As you can see we have overflown buf which is located on the stack. password is nearby, and gets leaked to the remote attacker.

Compartmentalisation Policy

The fix for this bug is easy: the server can put a cap on the size of what the client expects as response, in such a way that buf will never be overflown. However, here our goal is to study Compartmentalisation. To that aim we are not going to fix the bug. We'll rather leave it there and see how compartmentalisation can prevent the password from leaking. This illustrates the fact that compartmentalisation protects program against vulnerabilities that are unknown, or that do not even exist yet.

We want to break down our server and sandbox the request processing code containing the bug as follows:

We want to create two compartments:

Compartment 1 contains the program entry point, the authentication code (including the password we don't want to leak), and the privileged code that runs when an administrator successfully logs in.
Compartment 2 contains the network code that receives, processes, and sends requests.

With the isolation enforced by compartmentalisation, our goal is that an attacker exploiting the vulnerability in compartment 2 won't be able to leak the password because it lives in the other compartment.

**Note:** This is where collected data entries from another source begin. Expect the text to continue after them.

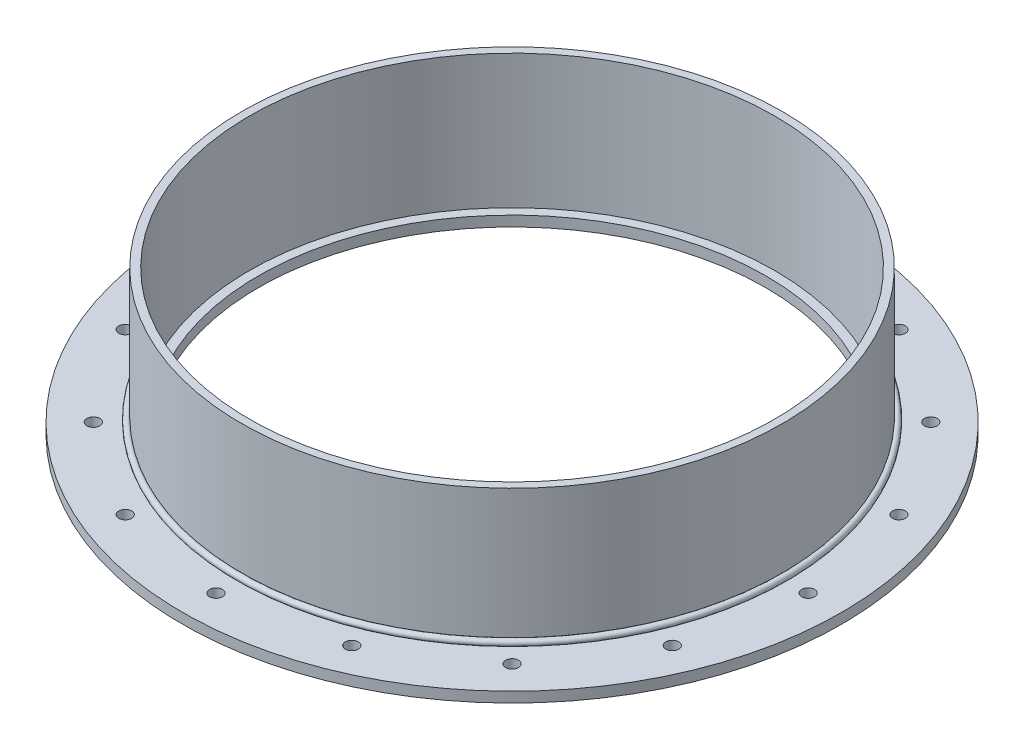
ISO-10303-21;
HEADER;
FILE_DESCRIPTION(('STEP AP214'),'2;1');
FILE_NAME('part.step','',(''),(''),'','','');
FILE_SCHEMA(('AUTOMOTIVE_DESIGN { 1 0 10303 214 1 1 1 1 }'));
ENDSEC;
DATA;
#1=APPLICATION_CONTEXT('core data for automotive mechanical design processes');
#2=APPLICATION_PROTOCOL_DEFINITION('international standard','automotive_design',2000,#1);
#3=PRODUCT_CONTEXT('',#1,'mechanical');
#4=PRODUCT('Part','Part','',(#3));
#5=PRODUCT_RELATED_PRODUCT_CATEGORY('part','',(#4));
#6=PRODUCT_DEFINITION_FORMATION('','',#4);
#7=PRODUCT_DEFINITION_CONTEXT('part definition',#1,'design');
#8=PRODUCT_DEFINITION('design','',#6,#7);
#9=PRODUCT_DEFINITION_SHAPE('','',#8);
#10=(LENGTH_UNIT() NAMED_UNIT(*) SI_UNIT(.MILLI.,.METRE.));
#11=(NAMED_UNIT(*) PLANE_ANGLE_UNIT() SI_UNIT($,.RADIAN.));
#12=(NAMED_UNIT(*) SI_UNIT($,.STERADIAN.) SOLID_ANGLE_UNIT());
#13=UNCERTAINTY_MEASURE_WITH_UNIT(LENGTH_MEASURE(1.E-05),#10,'distance_accuracy_value','');
#14=(GEOMETRIC_REPRESENTATION_CONTEXT(3) GLOBAL_UNCERTAINTY_ASSIGNED_CONTEXT((#13)) GLOBAL_UNIT_ASSIGNED_CONTEXT((#10,
#11,#12)) REPRESENTATION_CONTEXT('',''));
#15=CARTESIAN_POINT('',(0.,0.,0.));
#16=DIRECTION('',(0.,0.,1.));
#17=DIRECTION('',(1.,0.,0.));
#18=AXIS2_PLACEMENT_3D('',#15,#16,#17);
#19=CARTESIAN_POINT('',(0.,7.573372889639,0.));
#20=DIRECTION('',(0.,-1.,0.));
#21=DIRECTION('',(0.,0.,-1.));
#22=AXIS2_PLACEMENT_3D('',#19,#20,#21);
#23=TOROIDAL_SURFACE('',#22,167.910872889639,1.98437500000001);
#24=CARTESIAN_POINT('',(0.,6.35,0.));
#25=DIRECTION('',(0.,-1.,0.));
#26=DIRECTION('',(0.,0.,-1.));
#27=AXIS2_PLACEMENT_3D('',#24,#25,#26);
#28=CIRCLE('',#27,169.473275818951);
#29=CARTESIAN_POINT('',(0.,6.35,-169.473275818951));
#30=VERTEX_POINT('',#29);
#31=EDGE_CURVE('E11',#30,#30,#28,.T.);
#32=ORIENTED_EDGE('',*,*,#31,.F.);
#33=EDGE_LOOP('',(#32));
#34=FACE_BOUND('',#33,.T.);
#35=CARTESIAN_POINT('',(0.,9.13577581895058,0.));
#36=DIRECTION('',(0.,-1.,0.));
#37=DIRECTION('',(0.,0.,-1.));
#38=AXIS2_PLACEMENT_3D('',#35,#36,#37);
#39=CIRCLE('',#38,166.6875);
#40=CARTESIAN_POINT('',(0.,9.13577581895058,-166.6875));
#41=VERTEX_POINT('',#40);
#42=EDGE_CURVE('E61',#41,#41,#39,.T.);
#43=ORIENTED_EDGE('',*,*,#42,.T.);
#44=EDGE_LOOP('',(#43));
#45=FACE_BOUND('',#44,.T.);
#46=ADVANCED_FACE('F48',(#34,#45),#23,.T.);
#47=CARTESIAN_POINT('',(-166.6875,6.35,0.));
#48=DIRECTION('',(0.,1.,0.));
#49=DIRECTION('',(0.,0.,1.));
#50=AXIS2_PLACEMENT_3D('',#47,#48,#49);
#51=PLANE('',#50);
#52=CARTESIAN_POINT('',(0.,6.35,0.));
#53=DIRECTION('',(0.,-1.,0.));
#54=DIRECTION('',(0.,0.,-1.));
#55=AXIS2_PLACEMENT_3D('',#52,#53,#54);
#56=CIRCLE('',#55,166.6875);
#57=CARTESIAN_POINT('',(0.,6.35,-166.6875));
#58=VERTEX_POINT('',#57);
#59=EDGE_CURVE('E55',#58,#58,#56,.T.);
#60=ORIENTED_EDGE('',*,*,#59,.F.);
#61=EDGE_LOOP('',(#60));
#62=FACE_BOUND('',#61,.T.);
#63=ORIENTED_EDGE('',*,*,#31,.T.);
#64=EDGE_LOOP('',(#63));
#65=FACE_BOUND('',#64,.T.);
#66=ADVANCED_FACE('F74',(#62,#65),#51,.F.);
#67=CARTESIAN_POINT('',(0.,0.,0.));
#68=DIRECTION('',(0.,-1.,0.));
#69=DIRECTION('',(0.,0.,-1.));
#70=AXIS2_PLACEMENT_3D('',#67,#68,#69);
#71=CYLINDRICAL_SURFACE('',#70,166.6875);
#72=ORIENTED_EDGE('',*,*,#42,.F.);
#73=EDGE_LOOP('',(#72));
#74=FACE_BOUND('',#73,.T.);
#75=ORIENTED_EDGE('',*,*,#59,.T.);
#76=EDGE_LOOP('',(#75));
#77=FACE_BOUND('',#76,.T.);
#78=ADVANCED_FACE('F72',(#74,#77),#71,.F.);
#79=CLOSED_SHELL('',(#46,#66,#78));
#80=MANIFOLD_SOLID_BREP('B2',#79);
#81=CARTESIAN_POINT('',(0.,0.,0.));
#82=DIRECTION('',(0.,-1.,0.));
#83=DIRECTION('',(0.,0.,-1.));
#84=AXIS2_PLACEMENT_3D('',#81,#82,#83);
#85=CYLINDRICAL_SURFACE('',#84,166.6875);
#86=CARTESIAN_POINT('',(0.,6.35,0.));
#87=DIRECTION('',(0.,-1.,0.));
#88=DIRECTION('',(0.,0.,-1.));
#89=AXIS2_PLACEMENT_3D('',#86,#87,#88);
#90=CIRCLE('',#89,166.6875);
#91=CARTESIAN_POINT('',(0.,6.35,-166.6875));
#92=VERTEX_POINT('',#91);
#93=EDGE_CURVE('E133',#92,#92,#90,.T.);
#94=ORIENTED_EDGE('',*,*,#93,.F.);
#95=EDGE_LOOP('',(#94));
#96=FACE_BOUND('',#95,.T.);
#97=CARTESIAN_POINT('',(0.,88.9,0.));
#98=DIRECTION('',(0.,-1.,0.));
#99=DIRECTION('',(0.,0.,-1.));
#100=AXIS2_PLACEMENT_3D('',#97,#98,#99);
#101=CIRCLE('',#100,166.6875);
#102=CARTESIAN_POINT('',(0.,88.9,-166.6875));
#103=VERTEX_POINT('',#102);
#104=EDGE_CURVE('E47',#103,#103,#101,.T.);
#105=ORIENTED_EDGE('',*,*,#104,.T.);
#106=EDGE_LOOP('',(#105));
#107=FACE_BOUND('',#106,.T.);
#108=ADVANCED_FACE('F114',(#96,#107),#85,.T.);
#109=CARTESIAN_POINT('',(-166.6875,88.9,0.));
#110=DIRECTION('',(0.,-1.,0.));
#111=DIRECTION('',(0.,0.,-1.));
#112=AXIS2_PLACEMENT_3D('',#109,#110,#111);
#113=PLANE('',#112);
#114=ORIENTED_EDGE('',*,*,#104,.F.);
#115=EDGE_LOOP('',(#114));
#116=FACE_BOUND('',#115,.T.);
#117=CARTESIAN_POINT('',(0.,88.9,0.));
#118=DIRECTION('',(0.,-1.,0.));
#119=DIRECTION('',(0.,0.,-1.));
#120=AXIS2_PLACEMENT_3D('',#117,#118,#119);
#121=CIRCLE('',#120,161.925);
#122=CARTESIAN_POINT('',(0.,88.9,-161.925));
#123=VERTEX_POINT('',#122);
#124=EDGE_CURVE('E121',#123,#123,#121,.T.);
#125=ORIENTED_EDGE('',*,*,#124,.T.);
#126=EDGE_LOOP('',(#125));
#127=FACE_BOUND('',#126,.T.);
#128=ADVANCED_FACE('F144',(#116,#127),#113,.F.);
#129=CARTESIAN_POINT('',(0.,0.,0.));
#130=DIRECTION('',(0.,-1.,0.));
#131=DIRECTION('',(0.,0.,-1.));
#132=AXIS2_PLACEMENT_3D('',#129,#130,#131);
#133=CYLINDRICAL_SURFACE('',#132,161.925);
#134=ORIENTED_EDGE('',*,*,#124,.F.);
#135=EDGE_LOOP('',(#134));
#136=FACE_BOUND('',#135,.T.);
#137=CARTESIAN_POINT('',(0.,6.35,0.));
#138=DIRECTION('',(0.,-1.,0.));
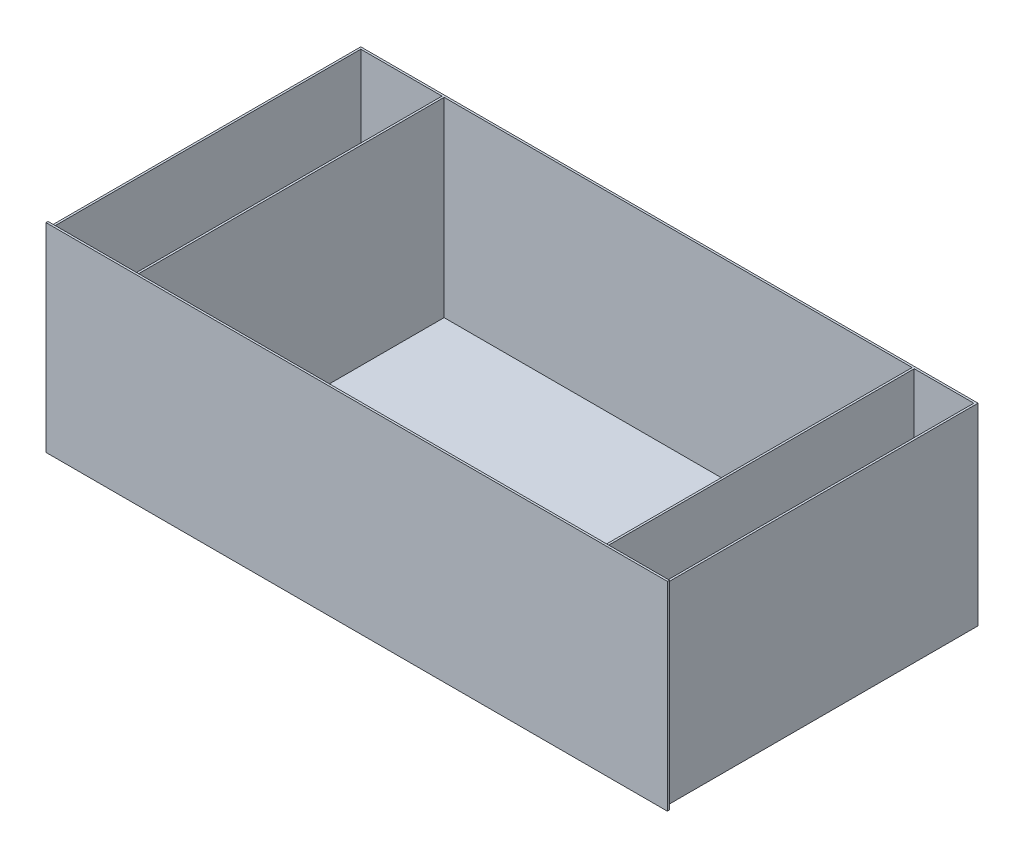
ISO-10303-21;
HEADER;
FILE_DESCRIPTION(('STEP AP214'),'2;1');
FILE_NAME('part.step','',(''),(''),'','','');
FILE_SCHEMA(('AUTOMOTIVE_DESIGN { 1 0 10303 214 1 1 1 1 }'));
ENDSEC;
DATA;
#1=APPLICATION_CONTEXT('core data for automotive mechanical design processes');
#2=APPLICATION_PROTOCOL_DEFINITION('international standard','automotive_design',2000,#1);
#3=PRODUCT_CONTEXT('',#1,'mechanical');
#4=PRODUCT('Part','Part','',(#3));
#5=PRODUCT_RELATED_PRODUCT_CATEGORY('part','',(#4));
#6=PRODUCT_DEFINITION_FORMATION('','',#4);
#7=PRODUCT_DEFINITION_CONTEXT('part definition',#1,'design');
#8=PRODUCT_DEFINITION('design','',#6,#7);
#9=PRODUCT_DEFINITION_SHAPE('','',#8);
#10=(LENGTH_UNIT() NAMED_UNIT(*) SI_UNIT(.MILLI.,.METRE.));
#11=(NAMED_UNIT(*) PLANE_ANGLE_UNIT() SI_UNIT($,.RADIAN.));
#12=(NAMED_UNIT(*) SI_UNIT($,.STERADIAN.) SOLID_ANGLE_UNIT());
#13=UNCERTAINTY_MEASURE_WITH_UNIT(LENGTH_MEASURE(1.E-05),#10,'distance_accuracy_value','');
#14=(GEOMETRIC_REPRESENTATION_CONTEXT(3) GLOBAL_UNCERTAINTY_ASSIGNED_CONTEXT((#13)) GLOBAL_UNIT_ASSIGNED_CONTEXT((#10,
#11,#12)) REPRESENTATION_CONTEXT('',''));
#15=CARTESIAN_POINT('',(0.,0.,0.));
#16=DIRECTION('',(0.,0.,1.));
#17=DIRECTION('',(1.,0.,0.));
#18=AXIS2_PLACEMENT_3D('',#15,#16,#17);
#19=CARTESIAN_POINT('',(604.,193.5,4.));
#20=DIRECTION('',(-1.,0.,0.));
#21=DIRECTION('',(0.,-1.,0.));
#22=AXIS2_PLACEMENT_3D('',#19,#20,#21);
#23=PLANE('',#22);
#24=DIRECTION('',(0.,1.,0.));
#25=VECTOR('',#24,1.);
#26=CARTESIAN_POINT('',(604.,193.5,0.));
#27=LINE('',#26,#25);
#28=CARTESIAN_POINT('',(604.,-193.5,0.));
#29=VERTEX_POINT('',#28);
#30=CARTESIAN_POINT('',(604.,193.5,0.));
#31=VERTEX_POINT('',#30);
#32=EDGE_CURVE('E303',#29,#31,#27,.T.);
#33=ORIENTED_EDGE('',*,*,#32,.T.);
#34=DIRECTION('',(0.,0.,-1.));
#35=VECTOR('',#34,1.);
#36=CARTESIAN_POINT('',(604.,193.5,4.));
#37=LINE('',#36,#35);
#38=CARTESIAN_POINT('',(604.,193.5,4.));
#39=VERTEX_POINT('',#38);
#40=EDGE_CURVE('E11',#39,#31,#37,.T.);
#41=ORIENTED_EDGE('',*,*,#40,.F.);
#42=DIRECTION('',(0.,1.,0.));
#43=VECTOR('',#42,1.);
#44=CARTESIAN_POINT('',(604.,193.5,4.));
#45=LINE('',#44,#43);
#46=CARTESIAN_POINT('',(604.,-193.5,4.));
#47=VERTEX_POINT('',#46);
#48=EDGE_CURVE('E304',#47,#39,#45,.T.);
#49=ORIENTED_EDGE('',*,*,#48,.F.);
#50=DIRECTION('',(0.,0.,-1.));
#51=VECTOR('',#50,1.);
#52=CARTESIAN_POINT('',(604.,-193.5,4.));
#53=LINE('',#52,#51);
#54=EDGE_CURVE('E314',#47,#29,#53,.T.);
#55=ORIENTED_EDGE('',*,*,#54,.T.);
#56=EDGE_LOOP('',(#33,#41,#49,#55));
#57=FACE_BOUND('',#56,.T.);
#58=ADVANCED_FACE('F36',(#57),#23,.F.);
#59=CARTESIAN_POINT('',(-604.,193.5,4.));
#60=DIRECTION('',(0.,-1.,0.));
#61=DIRECTION('',(0.,0.,-1.));
#62=AXIS2_PLACEMENT_3D('',#59,#60,#61);
#63=PLANE('',#62);
#64=DIRECTION('',(-1.,0.,0.));
#65=VECTOR('',#64,1.);
#66=CARTESIAN_POINT('',(-604.,193.5,0.));
#67=LINE('',#66,#65);
#68=CARTESIAN_POINT('',(-604.,193.5,0.));
#69=VERTEX_POINT('',#68);
#70=EDGE_CURVE('E317',#31,#69,#67,.T.);
#71=ORIENTED_EDGE('',*,*,#70,.T.);
#72=DIRECTION('',(0.,0.,-1.));
#73=VECTOR('',#72,1.);
#74=CARTESIAN_POINT('',(-604.,193.5,4.));
#75=LINE('',#74,#73);
#76=CARTESIAN_POINT('',(-604.,193.5,4.));
#77=VERTEX_POINT('',#76);
#78=EDGE_CURVE('E43',#77,#69,#75,.T.);
#79=ORIENTED_EDGE('',*,*,#78,.F.);
#80=DIRECTION('',(-1.,0.,0.));
#81=VECTOR('',#80,1.);
#82=CARTESIAN_POINT('',(-604.,193.5,4.));
#83=LINE('',#82,#81);
#84=EDGE_CURVE('E307',#39,#77,#83,.T.);
#85=ORIENTED_EDGE('',*,*,#84,.F.);
#86=ORIENTED_EDGE('',*,*,#40,.T.);
#87=EDGE_LOOP('',(#71,#79,#85,#86));
#88=FACE_BOUND('',#87,.T.);
#89=ADVANCED_FACE('F347',(#88),#63,.F.);
#90=CARTESIAN_POINT('',(-604.,193.5,4.));
#91=DIRECTION('',(1.,0.,0.));
#92=DIRECTION('',(0.,1.,0.));
#93=AXIS2_PLACEMENT_3D('',#90,#91,#92);
#94=PLANE('',#93);
#95=DIRECTION('',(0.,-1.,0.));
#96=VECTOR('',#95,1.);
#97=CARTESIAN_POINT('',(-604.,193.5,0.));
#98=LINE('',#97,#96);
#99=CARTESIAN_POINT('',(-604.000000000001,-193.5,0.));
#100=VERTEX_POINT('',#99);
#101=EDGE_CURVE('E319',#69,#100,#98,.T.);
#102=ORIENTED_EDGE('',*,*,#101,.T.);
#103=DIRECTION('',(0.,0.,-1.));
#104=VECTOR('',#103,1.);
#105=CARTESIAN_POINT('',(-604.000000000001,-193.5,4.));
#106=LINE('',#105,#104);
#107=CARTESIAN_POINT('',(-604.000000000001,-193.5,4.));
#108=VERTEX_POINT('',#107);
#109=EDGE_CURVE('E324',#108,#100,#106,.T.);
#110=ORIENTED_EDGE('',*,*,#109,.F.);
#111=DIRECTION('',(0.,-1.,0.));
#112=VECTOR('',#111,1.);
#113=CARTESIAN_POINT('',(-604.,193.5,4.));
#114=LINE('',#113,#112);
#115=EDGE_CURVE('E310',#77,#108,#114,.T.);
#116=ORIENTED_EDGE('',*,*,#115,.F.);
#117=ORIENTED_EDGE('',*,*,#78,.T.);
#118=EDGE_LOOP('',(#102,#110,#116,#117));
#119=FACE_BOUND('',#118,.T.);
#120=ADVANCED_FACE('F331',(#119),#94,.F.);
#121=CARTESIAN_POINT('',(-604.000000000001,-193.5,4.));
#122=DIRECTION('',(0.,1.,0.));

Our compartmentalised server will have 2 binaries, one for each compartment. Its execution flow is numbered on the picture above:

The server is launched by running compartment 1's binary. If needed, compartment 1 authenticates the administrator against the password and run the privilege code.
Compartment 1 invokes compartment 2's binary with fork() + execve(). Compartment 2 sets up networking and start to listen on port 12345.
Compartment 2 receives a request from a client.
Compartment 2 responds to the client.

Compartmentalising Our Server

Split the monolithic server's code into two source files: comp1.c for compartment 1, and comp2.c for compartment 2:

Place the authentication and privileged code in comp1.c. After the authentication code has run, compartment 2 should be invoked: for that use fork() and execve() as seen in the lecture. Make sure to remove any code and data (variables) that is no longer needed in compartment 1. Have compartment 1 wait for the termination of compartment 2 before exiting.
In compartment 2 create a main function and place the networking code in there. Make sure to delete any code or data that is no longer needed in compartment 2.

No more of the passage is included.